俺の過去はどこにある?
その水を飲むと過去を忘れてしまう忘却の川・レテ。
怜治はS大医学部で脳を研究している友人山村が記憶を消去する装置を開発中だと知り、
自分の記憶を消す決意をする。それは一世を風靡したバンド「レテ」のボーカルとして活躍した
栄光の二年間の記憶だった。
だが、過去と決別した怜治に連鎖するように、次々と奇妙な出来事が起きる!
前代未聞のアイデアと圧倒的なストーリーテリングで読者を魅了する驚愕の記憶ホラー。
第十一回日本ホラー小説大賞長編賞佳作。
***
出だしを読んだときはかなり期待したのですが。。。
421Pを読み切ったという無意味な達成感しか結局は残らなかったというのが正直なところです。

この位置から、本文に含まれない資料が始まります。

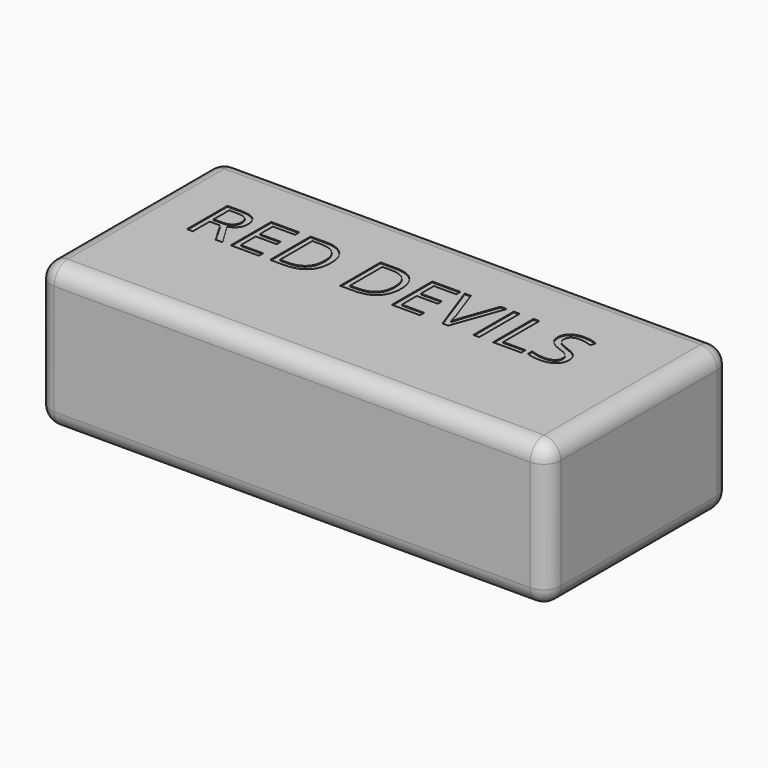
from build123d import *

# Parameters (mm, degrees)
F0_W         = 600
F0_H         = 270
F1_DEPTH     = 170
F2_R         = 20
F3_TEXT_SIZE = 83.3333333333
F4_DEPTH     = 1


# Not quite as in the source:
# - Text() gives the source's letters only with a copy of the font that has no kerning and outlines rounded to 1/6400 em; it was checked with that copy


with BuildPart() as f1:
    # F0 (on Top) → F1 (new body)
    with BuildSketch(Plane.XY):
        Rectangle(F0_W, F0_H)
    extrude(amount=F1_DEPTH)

    # F2
    f2_edges = [f1.edges().sort_by_distance(p)[0] for p in [
        (300, -135, 85),
        (-300, -135, 85),
        (300, 135, 85),
        (0, -135, 0),
        (0, -135, 170),
        (0, 135, 170),
        (300, 0, 0),
        (300, 0, 170),
        (-300, 0, 170),
        (-300, 135, 85),
        (0, 135, 0),
        (-300, 0, 0),
    ]]
    fillet(f2_edges, radius=F2_R)

    # F3 (on face) → F4 (cut)
    with BuildSketch(Plane.XY.offset(170)):
        with Locations((-240, 0)):
            Text('RED DEVILS', F3_TEXT_SIZE, font='Open Sans', text_align=(TextAlign.LEFT, TextAlign.BOTTOM))
    extrude(amount=-F4_DEPTH, mode=Mode.SUBTRACT)


solid = f1.part
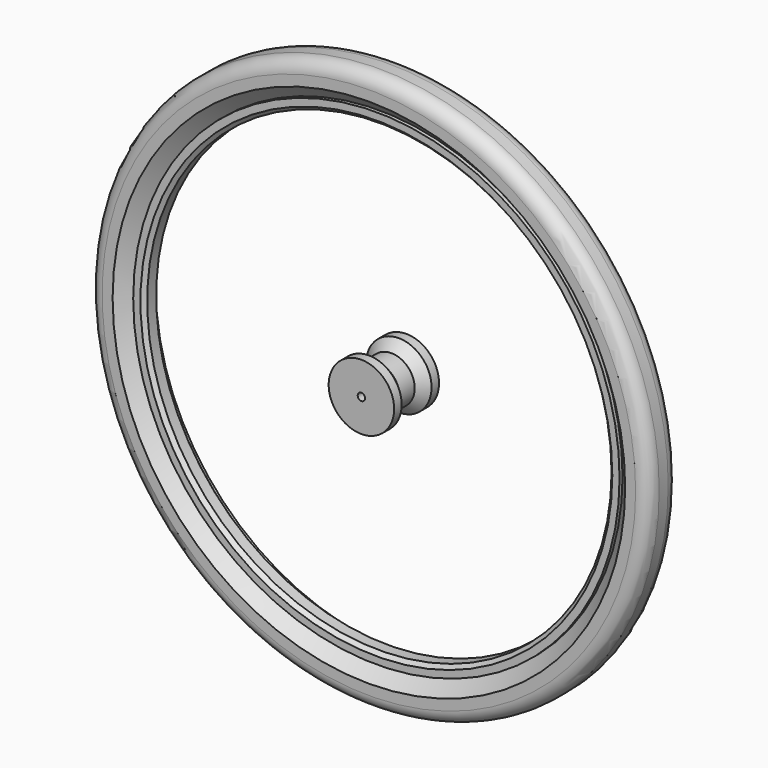
from build123d import *

# Parameters (mm, degrees)
F0_R      = 330.2
F0_R_2    = 315.2659179597
F1_DEPTH  = 12.7
F2_SIZE   = 5.08
F3_R      = 31.75
F4_DEPTH  = 12.7
F5_R      = 44.45
F6_DEPTH  = 25.4
F7_R      = 44.45
F8_DEPTH  = 25.4
F9_SIZE   = 12.69999
F10_R     = 5
F11_DEPTH = 101.6
F12_R     = 379.9884100113
F12_R_2   = 330.2
F13_DEPTH = 25.4
F14_SIZE  = 17.78
F15_R     = 17.78


# Not quite as in the source:
# - a fillet or chamfer is up to 0.001 mm smaller than in the source, because OpenCascade refuses the exact size


with BuildPart() as f1:
    # F0 (on Front) → F1 (new body, symmetric)
    with BuildSketch(Plane.XZ):
        Circle(F0_R)
        Circle(F0_R_2, mode=Mode.SUBTRACT)
    extrude(amount=F1_DEPTH, both=True)

    # F2
    f2_edges = [f1.edges().sort_by_distance(p)[0] for p in [
        (-315.265918, -12.7, 0),
        (-315.265918, 12.7, 0),
    ]]
    chamfer(f2_edges, length=F2_SIZE)


with BuildPart() as f4:
    # F3 (on Front) → F4 (new body, symmetric)
    with BuildSketch(Plane.XZ):
        Circle(F3_R)
    extrude(amount=F4_DEPTH, both=True)

    # F5 (on face) → F6 (join)
    with BuildSketch(Plane.XZ.offset(12.7)):
        Circle(F5_R)
    extrude(amount=F6_DEPTH)

    # F7 (on face) → F8 (join)
    with BuildSketch(Plane(origin=(0, 12.7, 0), x_dir=(-1, 0, 0), z_dir=(0, 1, 0))):
        Circle(F7_R)
    extrude(amount=F8_DEPTH)

    # F9 (size 12.7 in the source; OpenCascade refuses exactly that, so slightly less here)
    f9_edges = [f4.edges().sort_by_distance(p)[0] for p in [
        (-44.45, -12.7, 0),
        (44.45, 12.7, 0),
    ]]
    chamfer(f9_edges, length=F9_SIZE)

    # F10 (on face) → F11 (cut)
    with BuildSketch(Plane.XZ.offset(38.1)):
        Circle(F10_R)
    extrude(amount=-F11_DEPTH, mode=Mode.SUBTRACT)


with BuildPart() as f13:
    # F12 (on Front) → F13 (new body, symmetric)
    with BuildSketch(Plane.XZ):
        Circle(F12_R)
        Circle(F12_R_2, mode=Mode.SUBTRACT)
    extrude(amount=F13_DEPTH, both=True)

    # F14
    f14_edges = [f13.edges().sort_by_distance(p)[0] for p in [
        (-330.2, -25.4, 0),
    ]]
    chamfer(f14_edges, length=F14_SIZE)

    # F15
    f15_edges = [f13.edges().sort_by_distance(p)[0] for p in [
        (-379.98841, -25.4, 0),
        (-379.98841, 25.4, 0),
    ]]
    fillet(f15_edges, radius=F15_R)


solid = Compound([f1.part, f4.part, f13.part])
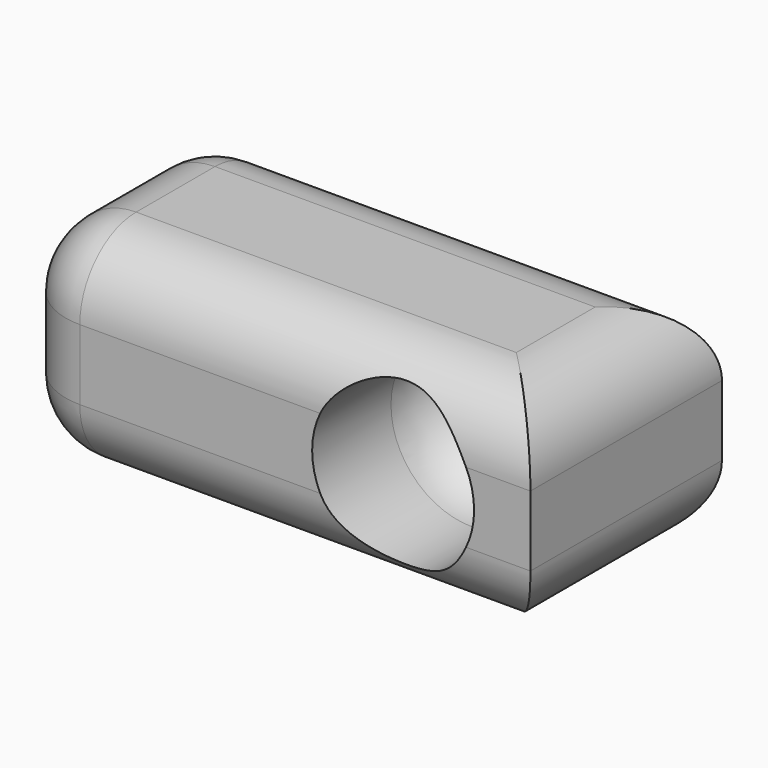
from build123d import *

# Parameters (mm, degrees)
F0_W         = 37
F0_H         = 15
F1_DEPTH     = 17
F2_R         = 5.75
F3_DEPTH     = 7
F6_T1_DEPTH  = 44.5
F6_T3_DEPTH  = 42
F6_T5_DEPTH  = 7
F6_T7_DEPTH  = 5
F6_S11_W     = 5
F6_S11_H     = 5
F6_T12_DEPTH = 5
F6_S17_W     = 5
F6_S17_H     = 5
F6_T18_DEPTH = 5
F6_S23_W     = 5
F6_S23_H     = 5
F6_T24_DEPTH = 5
F6_S29_W     = 5
F6_S29_H     = 5
F6_T30_DEPTH = 5


# Not quite as in the source:
# - a fillet or chamfer that OpenCascade refuses, or shapes differently, is made with other operations: its cross-section is extruded or revolved along the edge and cut away or added


with BuildPart() as f1:
    # F0 (on Front) → F1 (new body)
    with BuildSketch(Plane.XZ):
        Rectangle(F0_W, F0_H)
    extrude(amount=F1_DEPTH)

    # F2 (on face) → F3 (cut)
    with BuildSketch(Plane.XZ.offset(17)):
        with Locations((8.75, 0)):
            Circle(F2_R)
    extrude(amount=-F3_DEPTH, mode=Mode.SUBTRACT)

    # F4 (on face) → F5 (revolve, cut)
    with BuildSketch(Plane.XZ.offset(10)):
        with BuildLine():
            Line((8.75, 0), (8.75, 5.75))
            ThreePointArc((8.75, 5.75), (3, 0), (8.75, -5.75))
            Line((8.75, -5.75), (8.75, 0))
        make_face()
    revolve(axis=Axis((8.75, -10, 2.875), (0, 0, 1)), mode=Mode.SUBTRACT)

    # F6: fillet of radius 5 on 10 edges, made by hand

    # F6_s2 → F6_t1 (cut)
    with BuildSketch(Plane.YZ.offset(-13.5)):
        with BuildLine():
            ThreePointArc((-17, 2.5), (-15.5355339059, 6.0355339059), (-12, 7.5))
            Line((-12, 7.5), (-17, 7.5))
            Line((-17, 7.5), (-17, 2.5))
        make_face()
        with BuildLine():
            ThreePointArc((-12, -7.5), (-15.5355339059, -6.0355339059), (-17, -2.5))
            Line((-17, -2.5), (-17, -7.5))
            Line((-17, -7.5), (-12, -7.5))
        make_face()
        with BuildLine():
            ThreePointArc((0, 2.5), (-1.4644660941, 6.0355339059), (-5, 7.5))
            Line((-5, 7.5), (0, 7.5))
            Line((0, 7.5), (0, 2.5))
        make_face()
        with BuildLine():
            ThreePointArc((-5, -7.5), (-1.4644660941, -6.0355339059), (0, -2.5))
            Line((0, -2.5), (0, -7.5))
            Line((0, -7.5), (-5, -7.5))
        make_face()
    extrude(amount=F6_T1_DEPTH, mode=Mode.SUBTRACT)

    # F6_s4 → F6_t3 (cut)
    with BuildSketch(Plane.XZ.offset(-12.5)):
        with BuildLine():
            ThreePointArc((18.5, 2.5), (17.0355339059, 6.0355339059), (13.5, 7.5))
            Line((13.5, 7.5), (18.5, 7.5))
            Line((18.5, 7.5), (18.5, 2.5))
        make_face()
        with BuildLine():
            ThreePointArc((13.5, -7.5), (17.0355339059, -6.0355339059), (18.5, -2.5))
            Line((18.5, -2.5), (18.5, -7.5))
            Line((18.5, -7.5), (13.5, -7.5))
        make_face()
    extrude(amount=F6_T3_DEPTH, mode=Mode.SUBTRACT)

    # F6_s6 → F6_t5 (cut)
    with BuildSketch(Plane.XZ.offset(5)):
        with BuildLine():
            ThreePointArc((-18.5, 2.5), (-17.0355339059, 6.0355339059), (-13.5, 7.5))
            Line((-13.5, 7.5), (-18.5, 7.5))
            Line((-18.5, 7.5), (-18.5, 2.5))
        make_face()
        with BuildLine():
            ThreePointArc((-13.5, -7.5), (-17.0355339059, -6.0355339059), (-18.5, -2.5))
            Line((-18.5, -2.5), (-18.5, -7.5))
            Line((-18.5, -7.5), (-13.5, -7.5))
        make_face()
    extrude(amount=F6_T5_DEPTH, mode=Mode.SUBTRACT)

    # F6_s8 → F6_t7 (cut)
    with BuildSketch(Plane.XY.offset(-2.5)):
        with BuildLine():
            ThreePointArc((-18.5, -12), (-17.0355339059, -15.5355339059), (-13.5, -17))
            Line((-13.5, -17), (-18.5, -17))
            Line((-18.5, -17), (-18.5, -12))
        make_face()
        with BuildLine():
            ThreePointArc((-18.5, -5), (-17.0355339059, -1.4644660941), (-13.5, 0))
            Line((-13.5, 0), (-18.5, 0))
            Line((-18.5, 0), (-18.5, -5))
        make_face()
    extrude(amount=F6_T7_DEPTH, mode=Mode.SUBTRACT)


with BuildPart() as f6_tool10:
    # F6_s11 → F6_t12 (new body)
    with BuildSketch(Plane.YZ.offset(-13.5)):
        with Locations((-14.5, 5)):
            Rectangle(F6_S11_W, F6_S11_H)
    extrude(amount=-F6_T12_DEPTH)

    # F6_s13 → F6_t14 (revolve, cut)
    with BuildSketch(Plane(origin=(-13.5, -12, 2.5), x_dir=(0, 0.7071067812, -0.7071067812), z_dir=(0, 0.7071067812, 0.7071067812))):
        with BuildLine():
            ThreePointArc((0, -5), (5, 0), (0, 5))
            Line((0, 5), (0, -5))
        make_face()
    revolve(axis=Axis((-13.5, -12, 2.5), (-1, 0, 0)), mode=Mode.SUBTRACT)


with BuildPart() as f1_1:
    add(f1.part)

    # F6_t9: cut F6_tool10
    add(f6_tool10.part, mode=Mode.SUBTRACT)


with BuildPart() as f6_tool16:
    # F6_s17 → F6_t18 (new body)
    with BuildSketch(Plane.XY.offset(-2.5)):
        with Locations((-16, -14.5)):
            Rectangle(F6_S17_W, F6_S17_H)
    extrude(amount=-F6_T18_DEPTH)

    # F6_s19 → F6_t20 (revolve, cut)
    with BuildSketch(Plane(origin=(-13.5, -12, -2.5), x_dir=(0.7071067812, 0.7071067812, 0), z_dir=(-0.7071067812, 0.7071067812, 0))):
        with BuildLine():
            ThreePointArc((0, -5), (5, 0), (0, 5))
            Line((0, 5), (0, -5))
        make_face()
    revolve(axis=Axis((-13.5, -12, -2.5), (0, 0, -1)), mode=Mode.SUBTRACT)


with BuildPart() as f1_2:
    add(f1_1.part)

    # F6_t15: cut F6_tool16
    add(f6_tool16.part, mode=Mode.SUBTRACT)


with BuildPart() as f6_tool22:
    # F6_s23 → F6_t24 (new body)
    with BuildSketch(Plane.YZ.offset(-13.5)):
        with Locations((-2.5, 5)):
            Rectangle(F6_S23_W, F6_S23_H)
    extrude(amount=-F6_T24_DEPTH)

    # F6_s25 → F6_t26 (revolve, cut)
    with BuildSketch(Plane(origin=(-13.5, -5, 2.5), x_dir=(0, -0.7071067812, -0.7071067812), z_dir=(0, 0.7071067812, -0.7071067812))):
        with BuildLine():
            ThreePointArc((0, -5), (5, 0), (0, 5))
            Line((0, 5), (0, -5))
        make_face()
    revolve(axis=Axis((-13.5, -5, 2.5), (-1, 0, 0)), mode=Mode.SUBTRACT)


with BuildPart() as f1_3:
    add(f1_2.part)

    # F6_t21: cut F6_tool22
    add(f6_tool22.part, mode=Mode.SUBTRACT)


with BuildPart() as f6_tool28:
    # F6_s29 → F6_t30 (new body)
    with BuildSketch(Plane.XY.offset(-2.5)):
        with Locations((-16, -2.5)):
            Rectangle(F6_S29_W, F6_S29_H)
    extrude(amount=-F6_T30_DEPTH)

    # F6_s31 → F6_t32 (revolve, cut)
    with BuildSketch(Plane(origin=(-13.5, -5, -2.5), x_dir=(0.7071067812, -0.7071067812, 0), z_dir=(0.7071067812, 0.7071067812, 0))):
        with BuildLine():
            ThreePointArc((0, -5), (5, 0), (0, 5))
            Line((0, 5), (0, -5))
        make_face()
    revolve(axis=Axis((-13.5, -5, -2.5), (0, 0, -1)), mode=Mode.SUBTRACT)


with BuildPart() as f1_4:
    add(f1_3.part)

    # F6_t27: cut F6_tool28
    add(f6_tool28.part, mode=Mode.SUBTRACT)


solid = f1_4.part

淡々と整いすぎていてまるで資料集を読んでいるようだった同著者の乱歩賞受賞作
よりもエンターテインメント性が強く、単純な面白さだけでいえば
本作のほうが上なのですが、
なにぶんデビュー前の著作であるためか筆遣いや展開にかなり瑕疵が多い。
山田〇介並に拙い文章が頻出するし
(ほかにも〝~が鍵となる〟という表現や、
忘却の川をテーマにした話であるためか〝川〟に例えた比喩表現が多過ぎだったり)
登場人物の心理や物語の流れがぎこちなくて不自然だし
(例えば中盤では主人公が知らないはずだったことが終盤では前から知っていたかのように
描写されていたり、
新しいエピソードや人間がすべて唐突に出てくるので全体の統合性が無茶苦茶だったり)
キャラがあまりに主人公に都合よく動き過ぎていてまるでマネキンのようだし。
(主人公にホレている二人の女性があんなにあっさり仲良くなってしまうのは
いくらなんでも不自然過ぎるのでは)
瀬名秀明氏や鈴木光司氏のようなサイエンスホラー的展開も、
著者の独特な世界設定は確かに斬新で面白くは読めるものの
よくよく考えるとかなり矛盾点が多く、
またその世界観を説明するシーンにしても、やはり理系作家に比べると
筆が拙い印象は否めなかった。
(読みながら「著者の早瀬氏はたぶん文系の人だな」と感じてあとで見てみたら
やはり文系だった)
同じ日本ホラー小説大賞の佳作受賞作ならば、
こちらのほうがずっと面白かった。
あと、最低限量子力学の知識がないと本作はすんなり読めないです。
これから手にとるつもりの人は、せめて〝シュレーディンガーの猫〟ぐらいは
知っておくと吉。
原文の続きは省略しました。